# Gakic and other supplements



## stone_dragone (Feb 5, 2008)

I have seen an ad in Blackbelt for a "fatige toxin neutralizer" called Gakic, and I was wondering if anyone has any experience with it.  I'd imagine that it's effects would only last as long as you are taking it and my fear is that it would actually begin to reverse after cessation.  

On a similar topic, what supplements do you use in your work outs? Pre work out, post workout, etc?  Anything for joints, muscle repair, bulking, etc...?


----------



## rabbit (Feb 6, 2008)

I have heard of it but never tried it. Isn't that a bodybuilding supplement?


----------



## kailat (Feb 6, 2008)

Hello, i just ran accross this subject.  

 Yeah I've used the Gakic and the Lackic both by Muscle Tech.  You can combine the two for post and pre workout, along w/ any form of Protien whey isolate shake post workout.  Depending on what your goals are.  Id say i've taken about 2 bottle of the Gakic and I saw alot of extra pump in the gym it was a nice supplement, but very expensive for sure.  The best thingI can say is get some and try  it.   If your looking for top brand name supplements for 1/2 the price of your local GNC or whatever I go to www.bodybuilding.com  they are a great place to start.  They will even answer most of your questions if need be.

  As for me I drink approx.  3 whey protien shakes daily, one in the AM among waking up,  one 3omins pre and post workout.   Along with creatine mix pre workout.  It's alot at first but you get used to it...  I've started this 10 week program and Im on my 4th week.  I've lost about 20lbs now. I started at 221lbs i've been logging in all my meals and supplements, I go to the gym 4 to 5 days a week working different muscle groups. (in fact i just got back from the gym), I started a whole new life style eating very healthy.  I log in all my meal intake be it snack etc..  I stop at no more than 2000 calories a day... I usually intake about 1300 to 1800 daily.  It was hard compared to my normal 3000+ daily caloric intake.   On 3rd day of week 4 I'm setting the scale at 201 today.  My goal is to hit 170- 175lbs by the time I get to my 10th week.  I run on average 2 to 3 times a week 2 to 3 miles each time I run.   
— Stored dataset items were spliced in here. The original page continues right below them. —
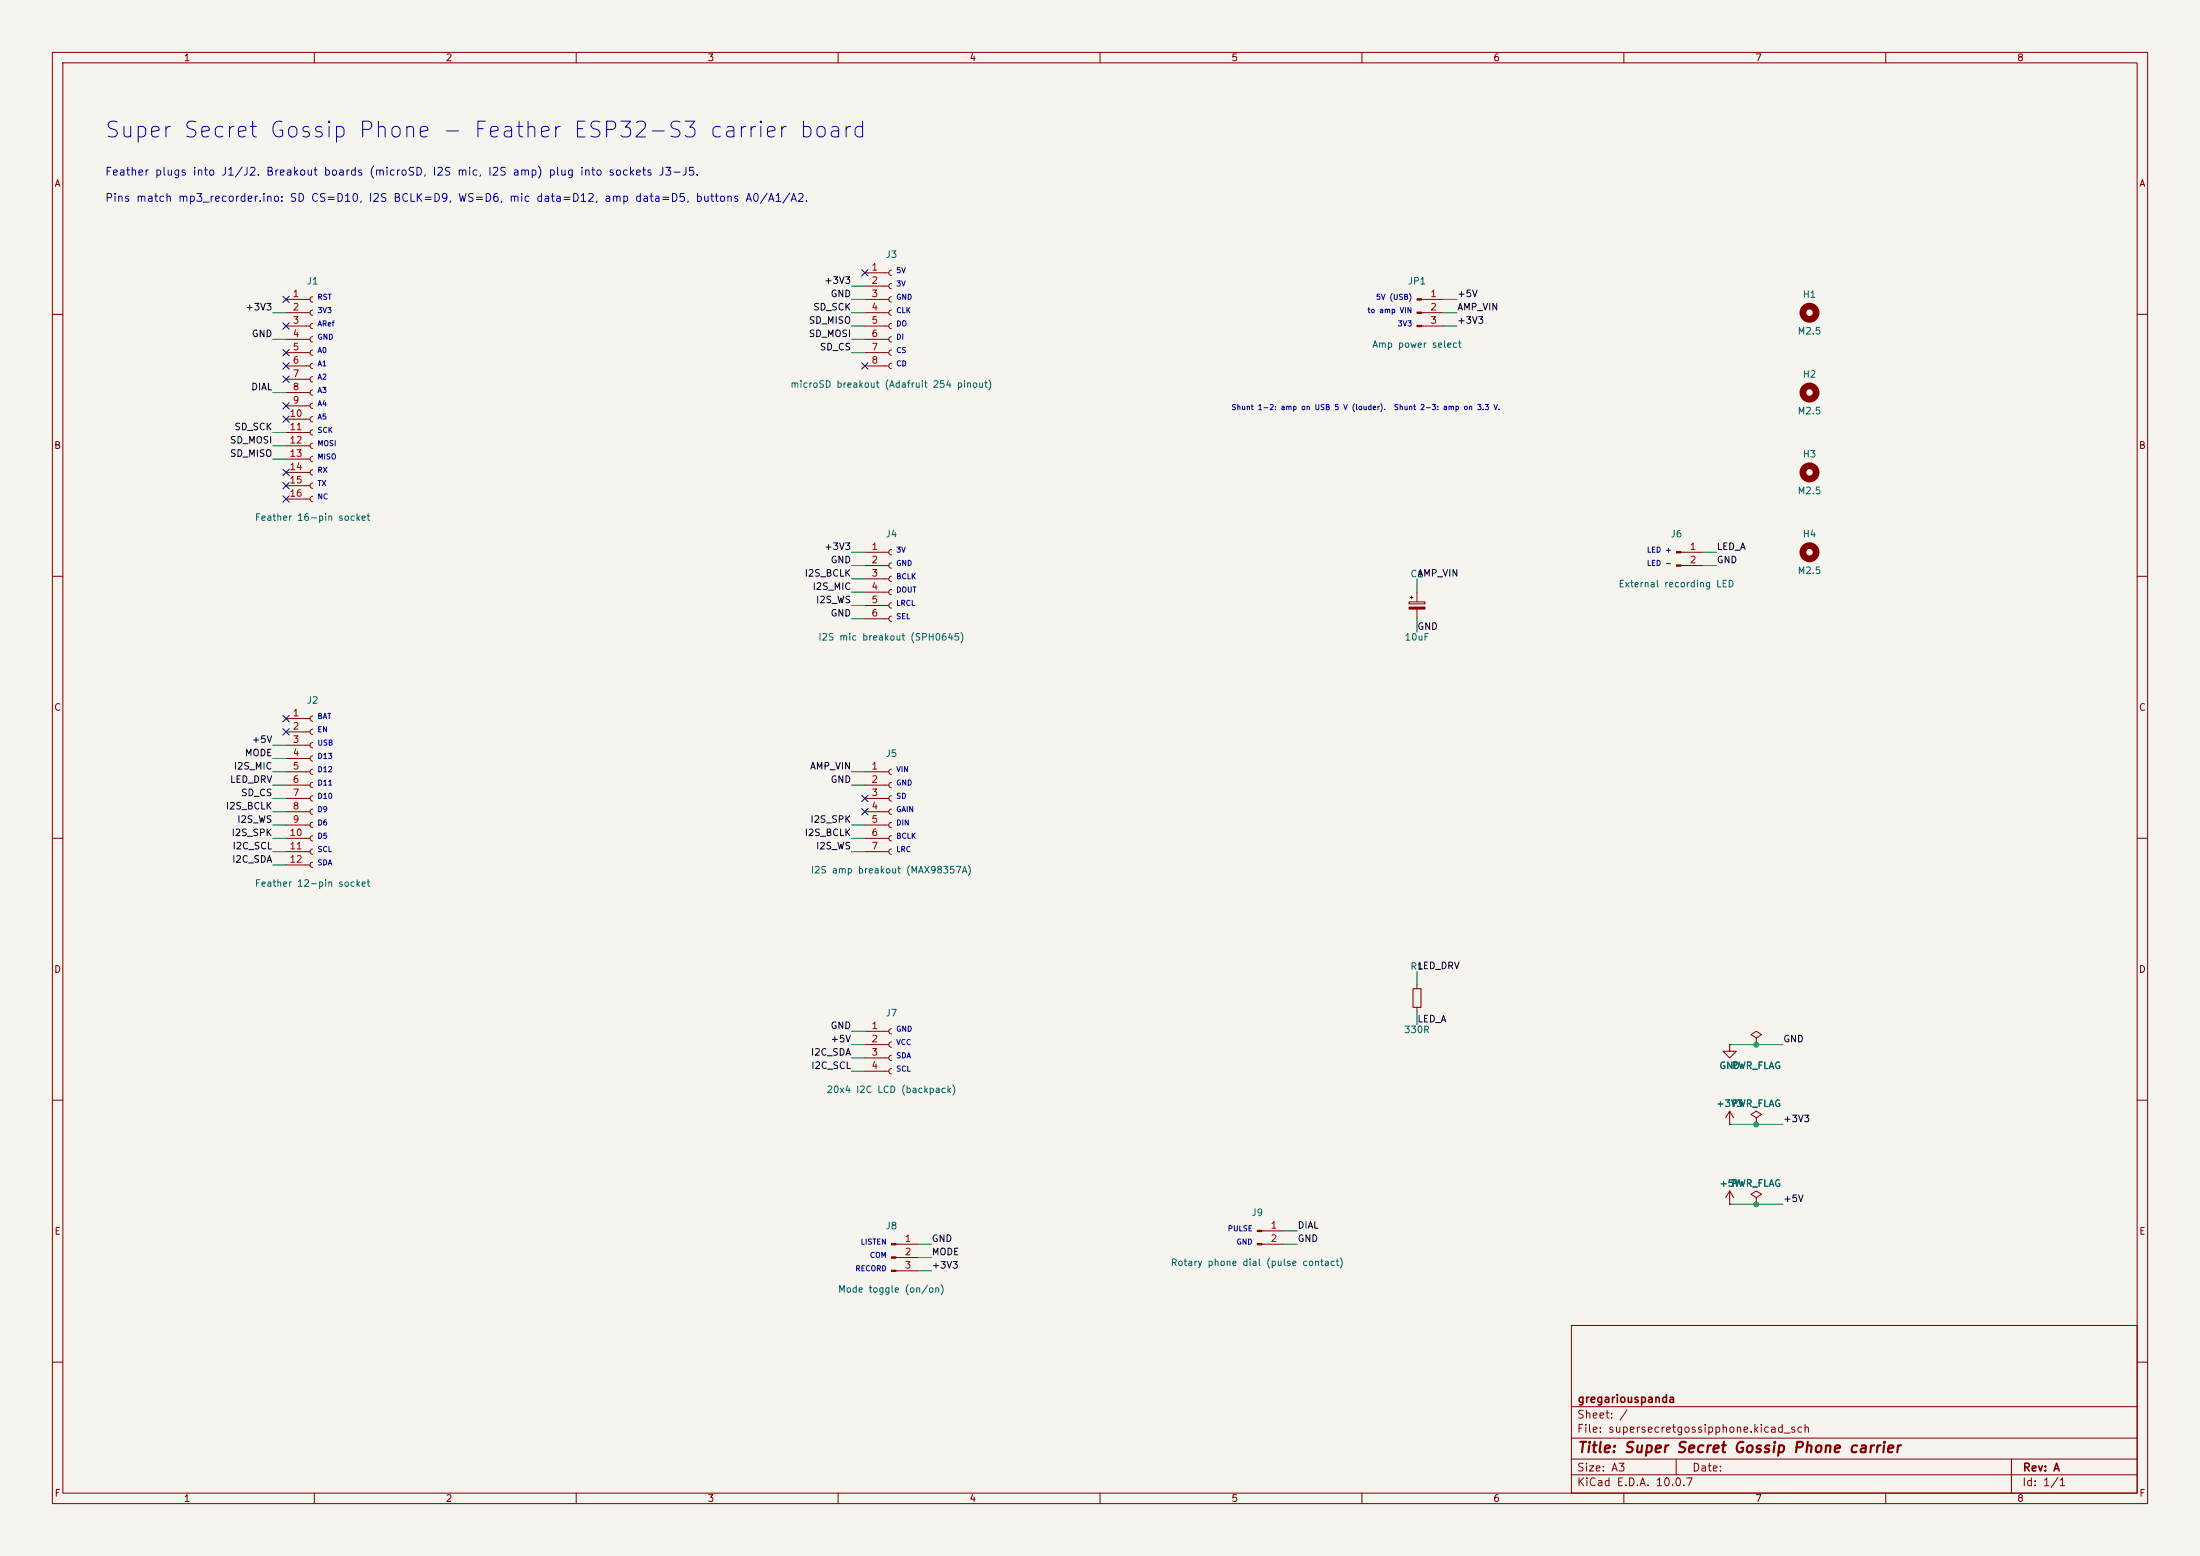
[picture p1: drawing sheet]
<svg xmlns="http://www.w3.org/2000/svg" width="420mm" height="297mm" viewBox="0 0 420 297" stroke-linecap="round" stroke-linejoin="round" font-family="sans-serif">
<path d="M0 0h420v297h-420z" fill="#f5f4ef" stroke="#f5f4ef" stroke-width=".19"/>
<g fill="none" stroke="#840000" stroke-width=".19">
<path d="M10 10h400v277h-400zM12 12h396v273h-396zM60 10v2M110 10v2M160 10v2M210 10v2M260 10v2M310 10v2M360 10v2M54.6 57.2h4.6M54.6 59.7h4.6M59.7 56.6l-.4 .2-.1 .4 .1 .3 .4 .2"/>
<path d="M59.7 59.2l-.4 .1-.1 .4 .1 .3 .4 .2M165.1 57.2h4.6M165.1 59.7h4.6M165.1 52.1h4.6M165.1 54.6h4.6M170.2 51.6l-.4 .1-.1 .4 .1 .3 .4 .2M170.2 54.1l-.4 .2-.1 .3 .1 .4 .4 .1M170.2 56.6l-.4 .2-.1 .4 .1 .3 .4 .2M170.2 59.2l-.4 .1-.1 .4 .1 .3 .4 .2M271.4 57.2h4.2M271.4 59.7h4.2M10 60h2"/>
<path d="M54.6 62.2h4.6M54.6 64.8h4.6M54.6 67.3h4.6M54.6 69.9h4.6M54.6 72.4h4.6M54.6 74.9h4.6M54.6 77.5h4.6M59.7 61.7l-.4 .2-.1 .3 .1 .4 .4 .1M59.7 64.3l-.4 .1-.1 .4 .1 .3 .4 .2M59.7 66.8l-.4 .2-.1 .3 .1 .4 .4 .1M59.7 69.3l-.4 .2-.1 .4 .1 .3 .4 .2M59.7 71.9l-.4 .1-.1 .4 .1 .3 .4 .2"/>
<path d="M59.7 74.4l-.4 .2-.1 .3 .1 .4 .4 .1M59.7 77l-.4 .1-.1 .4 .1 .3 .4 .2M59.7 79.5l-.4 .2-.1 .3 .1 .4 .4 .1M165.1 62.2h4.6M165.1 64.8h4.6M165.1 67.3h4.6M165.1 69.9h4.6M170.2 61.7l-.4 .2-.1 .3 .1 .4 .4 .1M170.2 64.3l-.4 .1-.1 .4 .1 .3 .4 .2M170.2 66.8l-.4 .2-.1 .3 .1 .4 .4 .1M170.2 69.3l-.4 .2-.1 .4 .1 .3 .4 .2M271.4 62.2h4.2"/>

  The hardest part for me is the proper nutrition intake.  It has to be a Life changing experience not a "part time or temp diet" otherwise it just won't work.  I plan on maintaining 175-180 once I get there.  I have put on this extra 30 to 40 lbs just since last JAN.  I was just 180 one day and BAM I was 220 the next.  Didn't even realized it hit me.  LOL  so its tme for it to go back to where it came.. 

 Hope that helps.


----------



## KempoGuy06 (Feb 7, 2008)

Ive never tried Gakic but I do use muscletech stuff and find it very good. I use the new Vapor stuff they came out with, along with their nitrotech protein complex and Hydroxycut Hardcore fat burner pills. I too have lost about 20 pounds in the last month. my workout routine along with SKK and my new have really aided in the processes. Im getting ready to swith gear and change my supplement routine.

I also take multi's, fish body oil, potassium, magnesium and horse chestnut pills that aid in water retension, leg circulation and other stuff.

B


----------



## kailat (Feb 7, 2008)

I've actually been hearing from the boys in the gym that the new HYDROXYCUT HARDCORE is a pretty good fat accelerator. I just purchased a fine bottle of it to see what and how it will work.  I seen a drastic change in this one fellow gym member and in i'd say about 2 months he went from flab to SOLID and he swears it was the Hydroxycut Hardcore. So heck why not.  I could use a little "BOOST" lol.. I need to firm up..after all thats what its all about for me... have to cut the fat then firm the belly area.  lol

  I just had someone drop me some H20pills to toget rid of any excess water weight.  My goal by the end of this week is to fall below that 200 lbs mark. Some reason i've platued this week.  I've been steady between 201 and 203 today.  I kinda fell off my pefect eating ritual last night after coming in working my legs and had some pizza.  GOD IT WAS SO GOOD  lol.. its possible im gaining more muscle now and leaning out.  So thats gonna be something else I need to think about.  I'd be a happy 200lbs solid if I just trimmed the excess fat from around my belt line.

good luck all


----------



## rabbit (Feb 7, 2008)

Yeah, I've seen the price of some top brand supplements like Muscletech and they seem very expensive to me.


----------



## KempoGuy06 (Feb 7, 2008)

kailat said:


> I just had someone drop me some H20pills to toget rid of any excess water weight.
> 
> good luck all



This is something you need to be really careful about. Only take this on day when you are *NOT* traing or doing any kind of cardio. These can draw to much water out of your body and cause you to get fatigued very fast.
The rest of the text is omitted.